# favourite roach species?



## Catherine896 (Jul 27, 2007)

Im starting to breed some of my own livefoods. I bought 300 large Dubias the other day and am looking forwards to them starting to breed (hopefully!)

I was just looking into Turkistans aswell. Any good/bad points with these?

What is everyones favourite species for breeding/feeding? I can see Dubias winning but wanted to see poll results too.

Thanks


----------



## reptiles-ink (Nov 4, 2006)

It depends what I'm feeding them to.
Dubias are bigger and cant climb very well, lobsters are smaller and breed better but are very good climbers.


----------



## Pleco07 (Aug 15, 2007)

I prefer Dubias, so easy to breed. Fed the adults to my BD, smaller ones to my gecko and scorpion.

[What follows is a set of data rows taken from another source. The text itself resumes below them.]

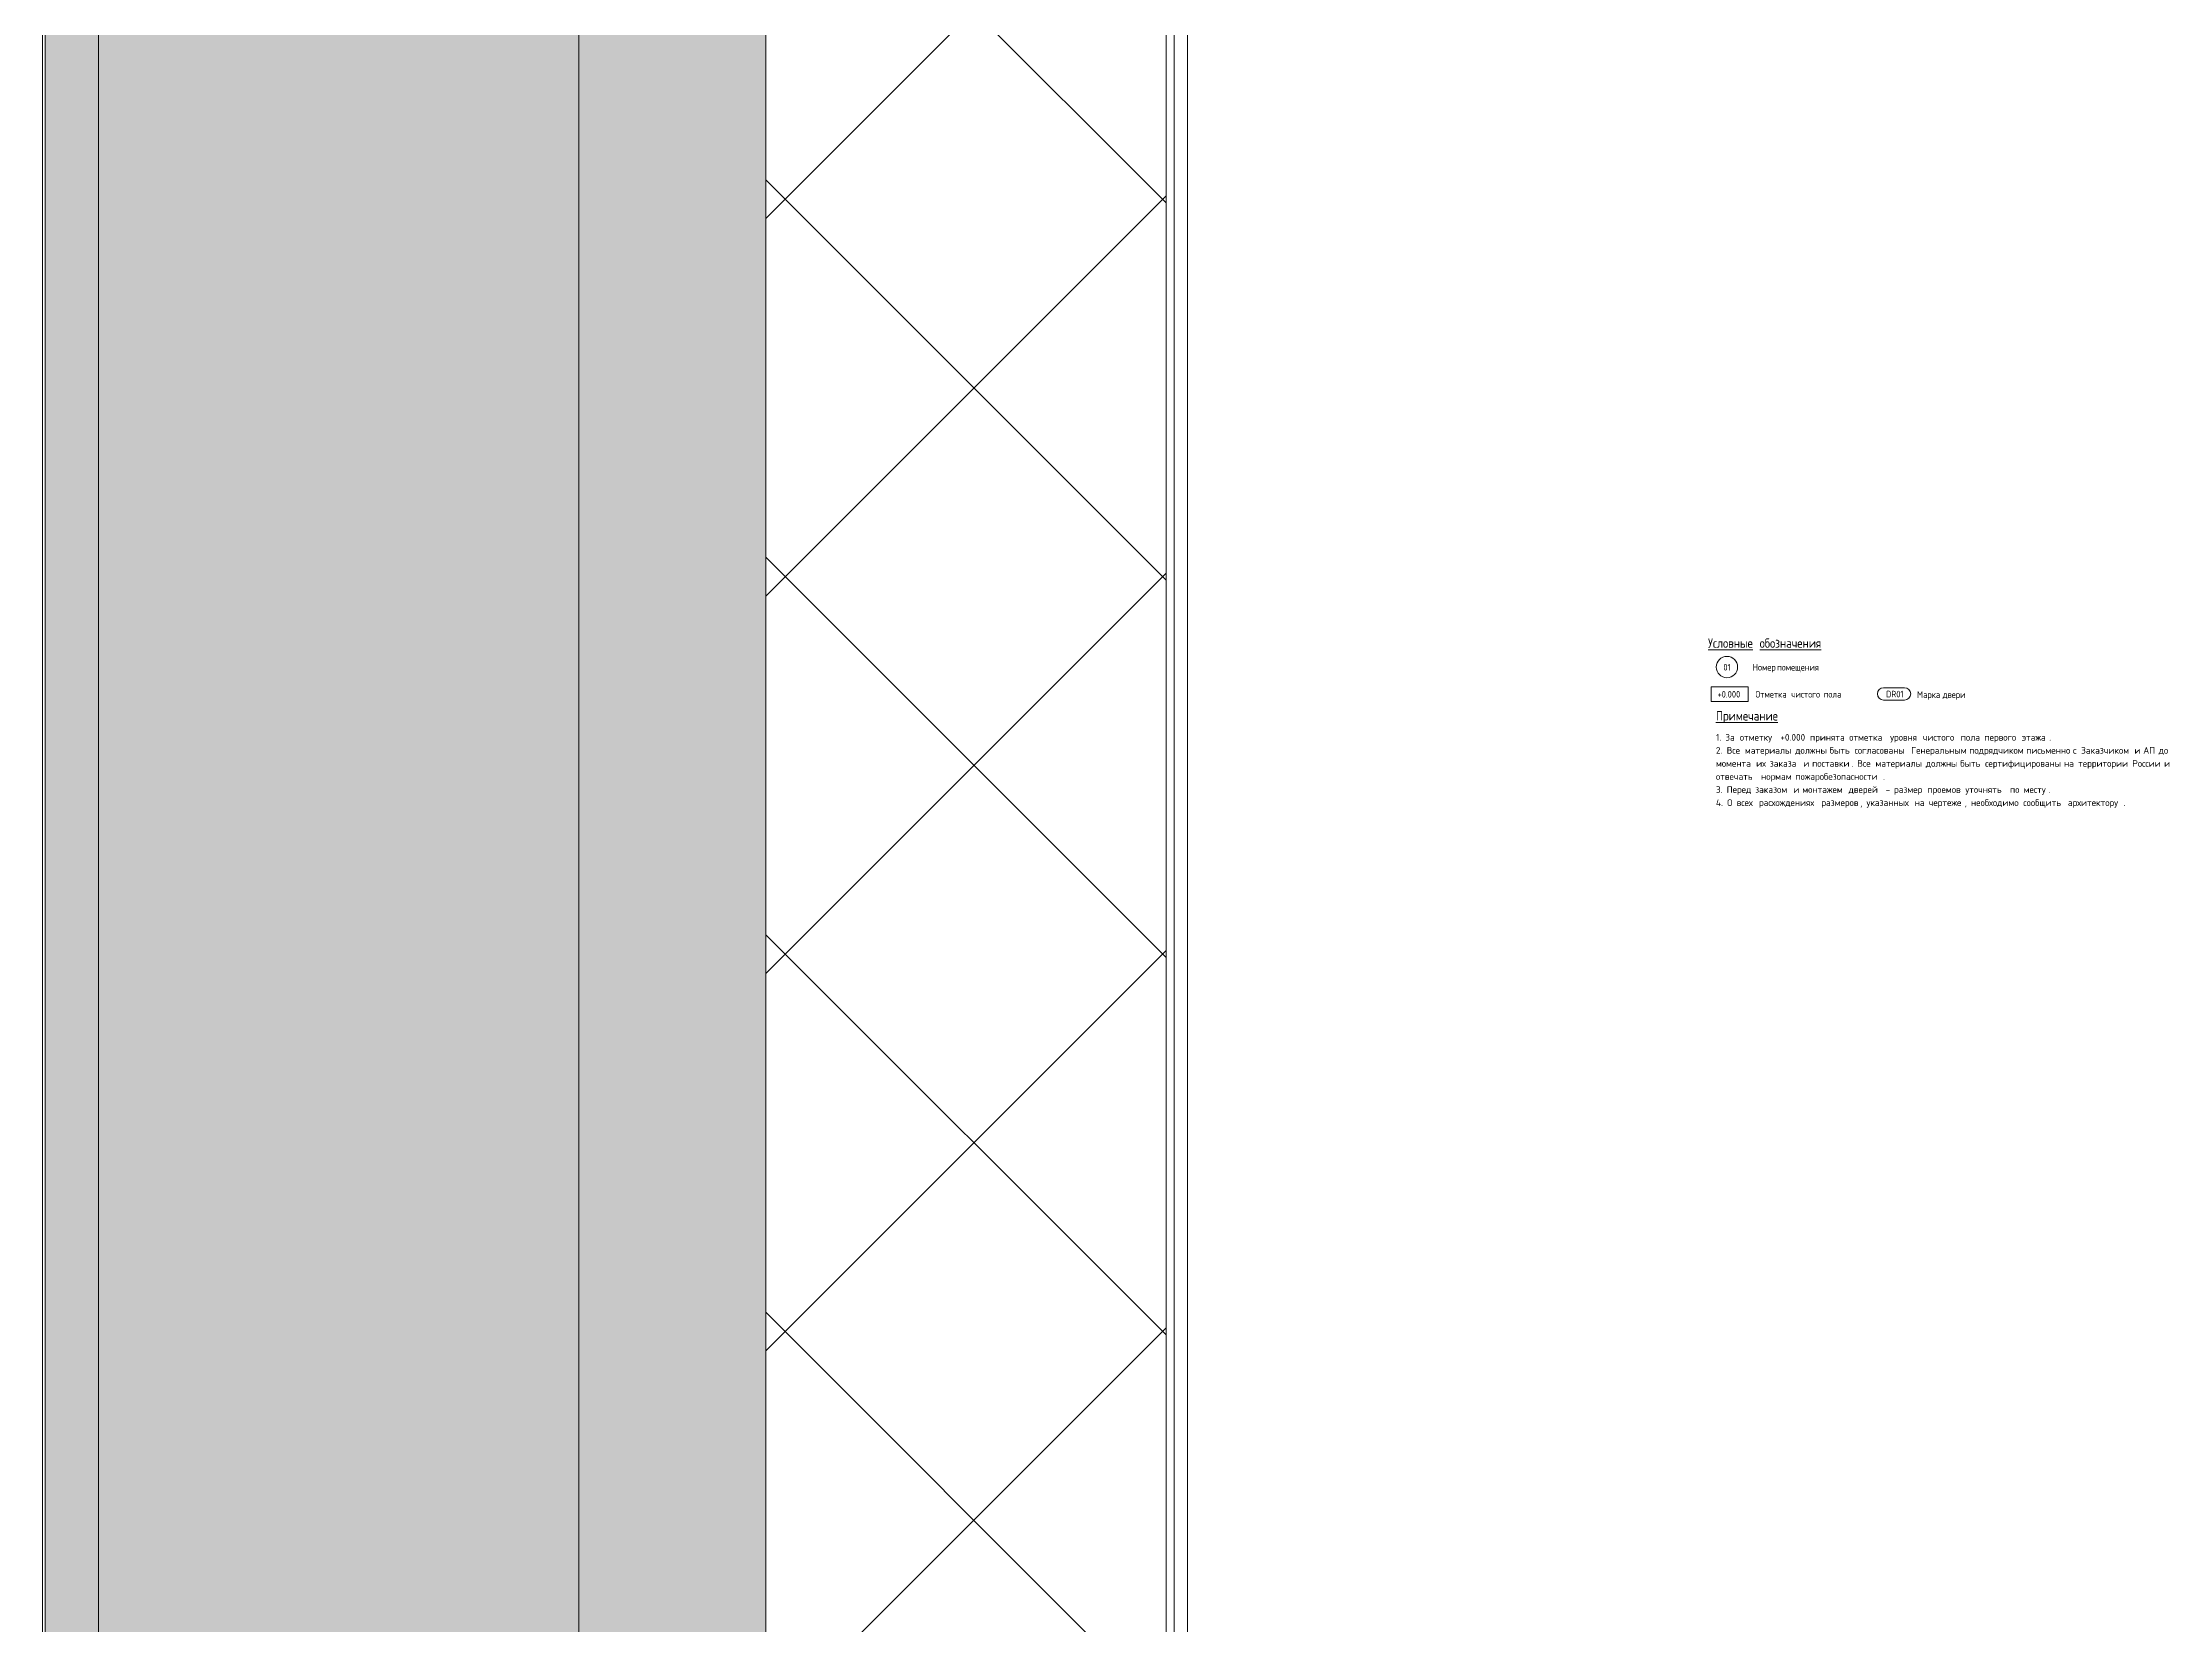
# Model space of a CAD drawing. Header units: millimetres. Extents: x 81382 to 274816, y -8553 to 29000.
# Drawn here: x 124809 to 125606, y 2082 to 2675 of the extents above; entities that cross this region are included whole.
import ezdxf

# ---------------------------------------------------------------- set-up
doc = ezdxf.new("R2010")
doc.units = ezdxf.units.MM
doc.linetypes.add('Осевая', pattern=[3175, 635, -476.25, 1587.5, -476.25])
for name, color, linetype, lineweight in [('A-DETL', 7, 'Continuous', 9), ('A-WALL', 7, 'Continuous', 9), ('G-ANNO-TEXT', 7, 'Continuous', 9), ('I-WALL', 7, 'Continuous', 9), ('Оси-2', 7, 'Осевая', 9)]:
    doc.layers.add(name, color=color, linetype=linetype, lineweight=lineweight)
doc.layers.add('A-WALL-1', color=7, linetype='Continuous', lineweight=9, true_color=0x3c3c3c)
doc.layers.add('A-WALL-FNSH-1', color=7, linetype='Continuous', lineweight=9, true_color=0x3c3c3c)
doc.styles.add('GOST Common_3', font='GOST_Common.ttf', dxfattribs={"width": 0.9, "height": 3.5})
doc.styles.add('GOST Common_4', font='GOST_Common.ttf', dxfattribs={"width": 0.9, "height": 2.5})
doc.styles.add('ISOCPEUR_1', font='isocpeur.ttf', dxfattribs={"width": 0.9, "height": 2.5})
doc.styles.add('ISOCPEUR_2', font='isocpeur.ttf', dxfattribs={"height": 2.5})

msp = doc.modelspace()

# ---------------------------------------------------------------- hatches: boundary and pattern name
at = {"layer": 'A-WALL'}
h = msp.add_hatch(dxfattribs=at)
h.set_pattern_fill('FP_1', color=256, style=0, pattern_type=2)
h.set_pattern_definition([(45, (0, 0), (-70.71068, 70.71068), []), (135, (0, 0), (-70.71068, -70.71068), [])])
h.paths.add_polyline_path([(125080, -250), (125230, -250), (125230, 7700.04), (125080, 7700.04), (125080, -100)])
h.paths.add_polyline_path([(125230, 8900.04), (125230, 10820), (125080, 10820), (125080, 8900.04)])
h.paths.add_polyline_path([(125230, 13120), (125230, 21400), (125080, 21400), (125080, 13120)])
at = {"layer": 'I-WALL'}
h = msp.add_hatch(dxfattribs=at)
h.set_pattern_fill('FP_35', color=256, style=0, pattern_type=2)
h.set_pattern_definition([(0, (0, 0), (121.92, 30.48), [10.058, -81.382, 10.058, -81.382, -487.68]), (0, (0, 0), (121.92, 30.48), [-182.88, 10.058, -172.822, 10.058, -81.382, -213.36]), (0, (0, 0), (121.92, 30.48), [-457.2, 10.058, -50.902, 10.058, -142.342]), (120, (45.72, 15.24), (-87.356454, 90.345817), [10.058, -81.382, 10.058, -81.382, -487.68]), (120, (45.72, 15.24), (-87.356454, 90.345817), [-182.88, 10.058, -172.822, 10.058, -81.382, -213.36]), (120, (45.72, 15.24), (-87.356454, 90.345817), [-457.2, 10.058, -50.902, 10.058, -142.342]), (240, (60.96, 76.2), (-34.563546, -120.825817), [10.058, -81.382, 10.058, -81.382, -487.68]), (240, (60.96, 76.2), (-34.563546, -120.825817), [-182.88, 10.058, -172.822, 10.058, -81.382, -213.36]), (240, (60.96, 76.2), (-34.563546, -120.825817), [-457.2, 10.058, -50.902, 10.058, -142.342])])
h.paths.add_polyline_path([(124830, 160), (124830, 7701.04), (124810, 7700.04), (124810, 160)])
h = msp.add_hatch(dxfattribs=at)
h.set_pattern_fill('FP_4', color=256, style=0, pattern_type=2)
h.set_pattern_definition([(45, (0, 0), (-57.024626, 57.024626), []), (45, (57.025, 0), (-57.024626, 57.024626), [100.806, -20.161, 3.353, -16.808])])
h.paths.add_polyline_path([(124830, -100), (125080, -100), (125080, 7701.04), (124830, 7700.04), (124830, 150)])

# ---------------------------------------------------------------- linework, layer by layer
at = {"layer": 'A-DETL'}
for p, q in [((125434.31, 2433.7), (125448.1, 2433.7)), ((125434.31, 2428.2), (125434.31, 2433.7)), ((125448.1, 2433.7), (125448.1, 2428.2)), ((125498.84, 2433.27), (125506.78, 2433.27)), ((125434.31, 2428.2), (125448.1, 2428.2)), ((125506.78, 2428.71), (125498.84, 2428.71))]:
    msp.add_line(p, q, dxfattribs=at)
msp.add_circle((125440.19, 2441.06), 4, dxfattribs=at)
for centre, start, end in [((125498.84, 2430.99), 90, 180), ((125498.84, 2430.99), 180, 270), ((125506.78, 2430.99), 0, 90), ((125506.78, 2430.99), 270, 0)]:
    msp.add_arc(centre, 2.28, start, end, dxfattribs=at)
at = {"layer": 'A-WALL'}
for p, q in [((124810, 170), (124810, 7701.04)), ((125230, -250), (125230, 7700.04)), ((125233, -253), (125233, 7700.04))]:
    msp.add_line(p, q, dxfattribs=at)
at = {"layer": 'A-WALL-1'}
for p, q in [((124830, 150), (124830, 7701.04)), ((125080, 7700.04), (125080, -100)), ((125080, -100), (125080, 7700.04))]:
    msp.add_line(p, q, dxfattribs=at)
at = {"layer": 'A-WALL-FNSH-1'}
for p, q in [((124809, 7701.04), (124809, 171)), ((125238, -258), (125238, 7700.04))]:
    msp.add_line(p, q, dxfattribs=at)
at = {"layer": 'Оси-2'}
msp.add_line((125010, 593.74), (125010, 18900), dxfattribs=at)

# ---------------------------------------------------------------- texts
at = {"layer": 'G-ANNO-TEXT', "attachment_point": 1}
for s, insert, char_height, width, style in [('\\LУсловные', (125433.12, 2451.77), 3.5, 22.1506, 'GOST Common_3'), ('\\L\\fGOST Common|b0|i0|c204|p34|;\\W.9;\\L ', (125451.39, 2451.77), 3.5, 1.2987, 'GOST Common_3'), ('\\Lобозначения', (125452.46, 2451.77), 3.5, 30.1595, 'GOST Common_3'), ('01', (125438.87, 2442.24), 2.5, 3.319, 'GOST Common_4'), ('Номер', (125449.82, 2442.24), 2.5, 10.1734, 'GOST Common_4'), ('\\fGOST Common|b0|i0|c204|p34|;\\W.9; ', (125458.21, 2442.24), 2.5, 0.938, 'GOST Common_4'), ('помещения', (125458.98, 2442.24), 2.5, 18.543, 'GOST Common_4'), ('+0.000', (125436.67, 2432.12), 2.5, 10.5342, 'GOST Common_4'), ('Отметка', (125450.87, 2432.12), 2.5, 15.2962, 'GOST Common_4'), ('\\fGOST Common|b0|i0|c204|p34|;\\W.9; ', (125463.49, 2432.12), 2.5, 0.938, 'GOST Common_4'), ('чистого', (125464.27, 2432.12), 2.5, 13.8532, 'GOST Common_4'), ('\\fGOST Common|b0|i0|c204|p34|;\\W.9; ', (125475.7, 2432.12), 2.5, 0.938, 'GOST Common_4'), ('пола', (125476.47, 2432.12), 2.5, 8.0089, 'GOST Common_4'), ('\\fGOST Common|b0|i0|c204|p34|;\\W.9; ', (125483.08, 2432.12), 2.5, 0.938, 'GOST Common_4'), ('DR01', (125499.78, 2432.16), 2.5, 7.6481, 'ISOCPEUR_1'), ('Марка', (125511.45, 2431.96), 2.5, 10.6785, 'GOST Common_4'), ('\\fGOST Common|b0|i0|c204|p34|;\\W.9; ', (125520.26, 2431.96), 2.5, 0.938, 'GOST Common_4'), ('двери', (125521.03, 2431.96), 2.5, 9.7405, 'GOST Common_4'), ('\\LПримечание', (125436.07, 2424.52), 3.5, 28.5, 'GOST Common_3'), ('1. ', (125436.07, 2415.97), 2.5, 4.2489, 'ISOCPEUR_2'), ('За', (125439.58, 2415.97), 2.5, 4.73, 'ISOCPEUR_2'), ('\\fISOCPEUR|b0|i0|c204|p34|; ', (125443.48, 2415.97), 2.5, 1.8439, 'ISOCPEUR_2'), ('отметку', (125445, 2415.97), 2.5, 16.5148, 'ISOCPEUR_2'), (' +0.000 ', (125458.63, 2415.97), 2.5, 15.3924, 'ISOCPEUR_2'), ('принята', (125471.33, 2415.97), 2.5, 15.9536, 'ISOCPEUR_2'), ('\\fISOCPEUR|b0|i0|c204|p34|; ', (125484.49, 2415.97), 2.5, 1.8439, 'ISOCPEUR_2'), ('отметка', (125486.01, 2415.97), 2.5, 16.7553, 'ISOCPEUR_2'), ('\\fISOCPEUR|b0|i0|c204|p34|; ', (125499.84, 2415.97), 2.5, 1.8439, 'ISOCPEUR_2'), ('уровня', (125501.36, 2415.97), 2.5, 12.9873, 'ISOCPEUR_2'), ('\\fISOCPEUR|b0|i0|c204|p34|; ', (125512.07, 2415.97), 2.5, 1.8439, 'ISOCPEUR_2'), ('чистого', (125513.59, 2415.97), 2.5, 15.3924, 'ISOCPEUR_2'), ('\\fISOCPEUR|b0|i0|c204|p34|; ', (125526.29, 2415.97), 2.5, 1.8439, 'ISOCPEUR_2'), ('пола', (125527.82, 2415.97), 2.5, 8.8987, 'ISOCPEUR_2'), ('\\fISOCPEUR|b0|i0|c204|p34|; ', (125535.16, 2415.97), 2.5, 1.8439, 'ISOCPEUR_2'), ('первого', (125536.68, 2415.97), 2.5, 15.1519, 'ISOCPEUR_2'), ('\\fISOCPEUR|b0|i0|c204|p34|; ', (125549.18, 2415.97), 2.5, 1.8439, 'ISOCPEUR_2'), ('этажа', (125550.7, 2415.97), 2.5, 12.4262, 'ISOCPEUR_2'), ('2. ', (125436.07, 2411.08), 2.5, 4.8903, 'ISOCPEUR_2'), ('Все', (125440.11, 2411.08), 2.5, 6.4135, 'ISOCPEUR_2'), ('\\fISOCPEUR|b0|i0|c204|p34|; ', (125445.4, 2411.08), 2.5, 1.8439, 'ISOCPEUR_2'), ('материалы', (125446.92, 2411.08), 2.5, 21.0042, 'ISOCPEUR_2'), ('\\fISOCPEUR|b0|i0|c204|p34|; ', (125464.25, 2411.08), 2.5, 1.8439, 'ISOCPEUR_2'), ('должны', (125465.77, 2411.08), 2.5, 13.789, 'ISOCPEUR_2'), ('\\fISOCPEUR|b0|i0|c204|p34|; ', (125477.15, 2411.08), 2.5, 1.8439, 'ISOCPEUR_2'), ('быть', (125478.67, 2411.08), 2.5, 9.4599, 'ISOCPEUR_2'), ('\\fISOCPEUR|b0|i0|c204|p34|; ', (125486.47, 2411.08), 2.5, 1.8439, 'ISOCPEUR_2'), ('согласованы', (125488, 2411.08), 2.5, 23.8903, 'ISOCPEUR_2'), ('\\fISOCPEUR|b0|i0|c204|p34|; ', (125507.71, 2411.08), 2.5, 1.8439, 'ISOCPEUR_2'), ('Генеральным', (125509.23, 2411.08), 2.5, 24.5316, 'ISOCPEUR_2'), ('\\fISOCPEUR|b0|i0|c204|p34|; ', (125529.47, 2411.08), 2.5, 1.8439, 'ISOCPEUR_2'), ('подрядчиком', (125530.99, 2411.08), 2.5, 24.0506, 'ISOCPEUR_2'), ('\\fISOCPEUR|b0|i0|c204|p34|; ', (125550.83, 2411.08), 2.5, 1.8439, 'ISOCPEUR_2'), ('письменно', (125552.36, 2411.08), 2.5, 19.4008, 'ISOCPEUR_2'), ('\\fISOCPEUR|b0|i0|c204|p34|;.', (125560.95, 2415.97), 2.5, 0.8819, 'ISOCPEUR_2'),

I had lobsters in the past, they are super quick breedes but I found them to fiddly and quick to pick up and feed so i gave up on them.


----------



## Catherine896 (Jul 27, 2007)

Just seen a few female Dubias dropping eggs 

Wasnt impressed with the males hopping around on my bed the other day either lol :censor:

Was chasing 1 round my kitchen for 10 minutes :gasp:

The tub is more secure now, and that tubs inside a bigger tub too lol.

Hopefully wont find any more escapees :devil:


----------



## Jim2109 (Mar 30, 2009)

my vote is for Turkistans. they seem to be very underrated. they are more prolific and faster breeders than Dubias, required conditions are similar but they require more humidity to hatch their eggs, they are a smaller roach fully grown but big enough to be a meal for any lizard, and as babies they are nice and small for small and young lizards and stay smaller for longer.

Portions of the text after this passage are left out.